2007-01-06 10:35:07 · 10 answers · asked by Terry The Terrible 5 in Arts & Humanities Philosophy

answer to first question, atheists do, people will look down on them and so will any other wrong religions, and the third question, childbirth, THE MOTHER SUFFERS SO MUCH YA IDIOT! and in marriage, they suffer financially, and do u think that everyone will be happy with the marriage??

2007-01-06 11:11:12 · update #1

answer to fourth question, plants dont suffer then, then, but they die, and ends their life... and they are not a renewable source, for example, if a person smokes, can they smoke the same leaf again? no, they cannot.

2007-01-06 11:13:59 · update #2

10 answers

In order to exist, I have to eat, ergo, following your logic something has to suffer for me to exist.

But in order to be happy, someone can tell me a joke. Who suffers?
I've felt quite joyful seeing a beautiful sunrise in the morning after knocking off work at 6 am. Who suffers?

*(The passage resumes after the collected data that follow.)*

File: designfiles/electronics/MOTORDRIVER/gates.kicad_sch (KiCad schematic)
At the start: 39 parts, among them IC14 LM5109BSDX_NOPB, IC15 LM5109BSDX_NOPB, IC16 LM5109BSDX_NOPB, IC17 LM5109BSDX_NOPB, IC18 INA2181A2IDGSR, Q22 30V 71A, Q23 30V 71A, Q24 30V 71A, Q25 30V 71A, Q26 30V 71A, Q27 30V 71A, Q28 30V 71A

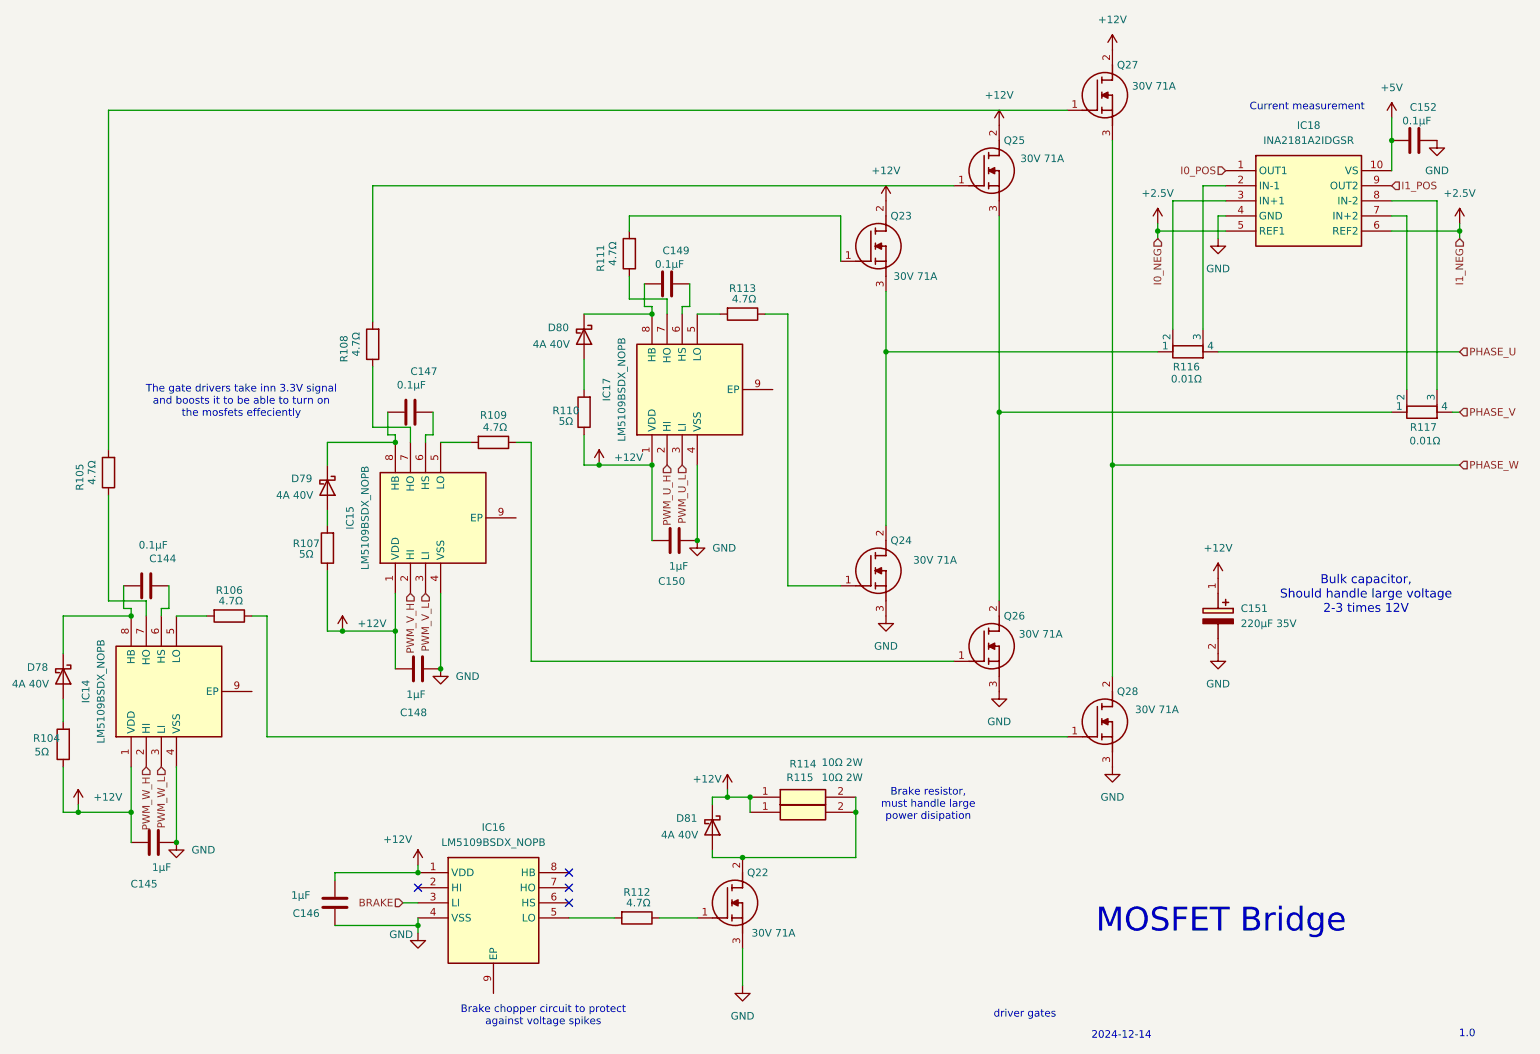
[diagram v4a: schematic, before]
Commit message: added inductors
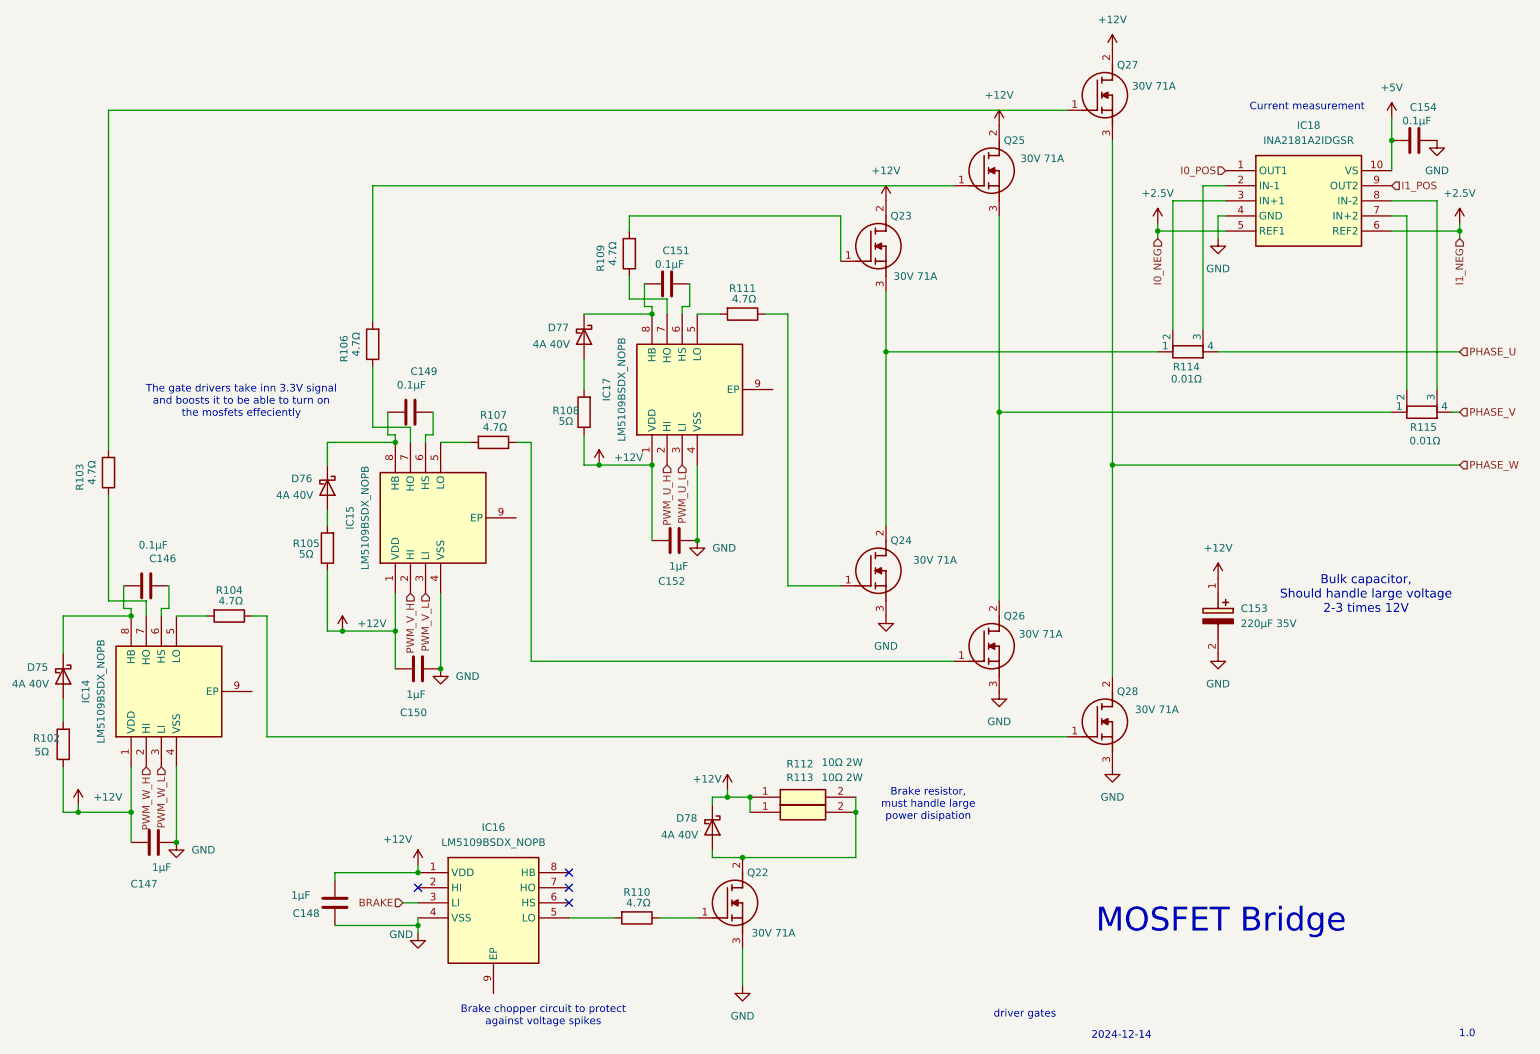
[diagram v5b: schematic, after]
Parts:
- C153: renamed from C151; footprint kuben-footprints:CAPAE1050X1050N -> CAPAE1050X1050N
- IC14, IC15, IC16, IC17: footprint kuben-footprints:SON80P400X400X80-9N -> SON80P400X400X80-9N
- IC18: footprint kuben-footprints:SOP50P490X110-10N -> SOP50P490X110-10N
- Q22, Q23, Q24, Q25, Q26, Q27, Q28: footprint kuben-footprints:IPD047N03LF2SATMA1 -> IPD047N03LF2SATMA1
- R112: renamed from R114; footprint kuben-footprints:RESC3263X80N -> RESC3263X80N
- R113: renamed from R115; footprint kuben-footprints:RESC3263X80N -> RESC3263X80N
- renumbered C144 to C146, C145 to C147, C146 to C148, C147 to C149, C148 to C150, C149 to C151, C150 to C152, C152 to C154, D78 to D75, D79 to D76, D80 to D77, D81 to D78, R104 to R102, R105 to R103, R106 to R104, R107 to R105, R108 to R106, R109 to R107, R110 to R108, R111 to R109, R112 to R110, R113 to R111, R116 to R114, R117 to R115

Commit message: minor tweaks on schematic and started on the pcb layout, made good work
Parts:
- C153: footprint CAPAE1050X1050N -> kuben-footprints:CAPAE1050X1050N
- IC14, IC15, IC16, IC17: footprint SON80P400X400X80-9N -> kuben-footprints:SON80P400X400X80-9N
- IC18: footprint SOP50P490X110-10N -> kuben-footprints:SOP50P490X110-10N
- Q22, Q23, Q24, Q25, Q26, Q27, Q28: footprint IPD047N03LF2SATMA1 -> kuben-footprints:IPD047N03LF2SATMA1
- R112, R113: footprint RESC3263X80N -> kuben-footprints:RESC3263X80N
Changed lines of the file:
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@@
 			)
 		)
-		(property "Footprint" "IPD047N03LF2SATMA1"
+		(property "Footprint" "kuben-footprints:IPD047N03LF2SATMA1"
 			(at 176.53 119.38 0)
 			(effects
@@
 			)
 		)
-		(property "Footprint" "IPD047N03LF2SATMA1"
+		(property "Footprint" "kuben-footprints:IPD047N03LF2SATMA1"
 			(at 195.58 52.07 0)
 			(effects
@@
 			)
 		)
-		(property "Footprint" "SON80P400X400X80-9N"
+		(property "Footprint" "kuben-footprints:SON80P400X400X80-9N"
 			(at 185.09 97.79 0)
 			(effects
@@
 			)
 		)
-		(property "Footprint" "SON80P400X400X80-9N"
+		(property "Footprint" "kuben-footprints:SON80P400X400X80-9N"
 			(at 228.27 76.2 0)
 			(effects
@@
 			)
 		)
-		(property "Footprint" "RESC3263X80N"
+		(property "Footprint" "kuben-footprints:RESC3263X80N"
 			(at 163.83 249.86 0)
 			(effects
@@
 			)
 		)
-		(property "Footprint" "CAPAE1050X1050N"
+		(property "Footprint" "kuben-footprints:CAPAE1050X1050N"
 			(at 132.41 125.73 0)
 			(effects
@@
 			)
 		)
-		(property "Footprint" "IPD047N03LF2SATMA1"
+		(property "Footprint" "kuben-footprints:IPD047N03LF2SATMA1"
 			(at 176.53 64.77 0)
 			(effects
@@
 			)
 		)
-		(property "Footprint" "IPD047N03LF2SATMA1"
+		(property "Footprint" "kuben-footprints:IPD047N03LF2SATMA1"
 			(at 214.63 39.37 0)
 			(effects
@@
 			)
 		)
-		(property "Footprint" "IPD047N03LF2SATMA1"
+		(property "Footprint" "kuben-footprints:IPD047N03LF2SATMA1"
 			(at 195.58 132.08 0)
 			(effects
@@
 			)
 		)
-		(property "Footprint" "IPD047N03LF2SATMA1"
+		(property "Footprint" "kuben-footprints:IPD047N03LF2SATMA1"
 			(at 214.63 144.78 0)
 			(effects
@@
 			)
 		)
-		(property "Footprint" "SON80P400X400X80-9N"
+		(property "Footprint" "kuben-footprints:SON80P400X400X80-9N"
 			(at 140.64 127 0)
 			(effects
@@
 			)
 		)
-		(property "Footprint" "SOP50P490X110-10N"
+		(property "Footprint" "kuben-footprints:SOP50P490X110-10N"
 			(at 254 143.18 0)
 			(effects
@@
 			)
 		)
-		(property "Footprint" "RESC3263X80N"
+		(property "Footprint" "kuben-footprints:RESC3263X80N"
 			(at 163.83 252.4 0)
 			(effects
@@
 			)
 		)
-		(property "Footprint" "SON80P400X400X80-9N"
+		(property "Footprint" "kuben-footprints:SON80P400X400X80-9N"
 			(at 115.57 261.29 0)
 			(effects
@@
 			)
 		)
-		(property "Footprint" "IPD047N03LF2SATMA1"
+		(property "Footprint" "kuben-footprints:IPD047N03LF2SATMA1"
 			(at 152.4 175.26 0)
 			(effects

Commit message: worked on PCB
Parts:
- renumbered C154 to C136, C152 to C137, C151 to C138, C153 to C139, C148 to C141, C150 to C142, C146 to C144, C147 to C145, C149 to C146, D78 to D71, D77 to D72, D75 to D73, D76 to D74, IC17 to IC10, IC16 to IC11, IC14 to IC12, IC15 to IC13, IC18 to IC9, Q23 to Q15, Q25 to Q16, Q27 to Q17, Q22 to Q18, Q24 to Q19, Q26 to Q20, Q28 to Q21, R111 to R100, R104 to R101, R113 to R85, R105 to R86, R108 to R87, R109 to R90, R115 to R91, R106 to R92, R114 to R93, R103 to R95, R112 to R96, R110 to R97, R102 to R98, R107 to R99

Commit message: worked on pcb
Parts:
- removed R91, R93: 0.01Ω, Resistor_SMD:R_0603_1608Metric, symbol Device:R_Shunt
- added R13, R14: 0.01Ω, Resistor_SMD:R_0603_1608Metric, symbol Device:R
- renumbered C144 to C146, C145 to C147, C141 to C148, C146 to C149, C142 to C150, C138 to C151, C137 to C152, C139 to C153, C136 to C154, D73 to D75, D74 to D76, D72 to D77, D71 to D78, IC12 to IC14, IC13 to IC15, IC11 to IC16, IC10 to IC17, IC9 to IC18, Q18 to Q22, Q15 to Q23, Q19 to Q24, Q16 to Q25, Q20 to Q26, Q17 to Q27, Q21 to Q28, R98 to R102, R95 to R103, R101 to R104, R86 to R105, R92 to R106, R99 to R107, R87 to R108, R90 to R109, R97 to R110, R100 to R111, R96 to R112, R85 to R113
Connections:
- net PHASE_U: now also IC18.2 (IN-1), R13.1
- net PHASE_V: now also IC18.8 (IN-2), R14.1
- net at Q23.3 (S), Q24.2 (D): now also IC18.3 (IN+1), R13.2
- net at Q25.3 (S), Q26.2 (D): now also IC18.7 (IN+2), R14.2

I guess it depends if your happiness requires a lot of resources or virtually none... (If I create a joke in my head and laugh to myself, who does that hurt? No one, nothing else involved).

Peace

2007-01-06 11:33:48 · answer #1 · answered by zingis 6 · 1 0

No. There is no "economy of happiness." Unlike money (of which there is only so much to go around), the amount of happiness in the world is not limited and 'distributed' among the earth's inhabitants. Anyone can have happiness without taking happiness away (in fact, a person is more likely to have happiness while also helping to _give others_ happiness).

P.S. Plants don't "suffer." They feel no physical pain and are a renewable resource. I don't think your example holds up.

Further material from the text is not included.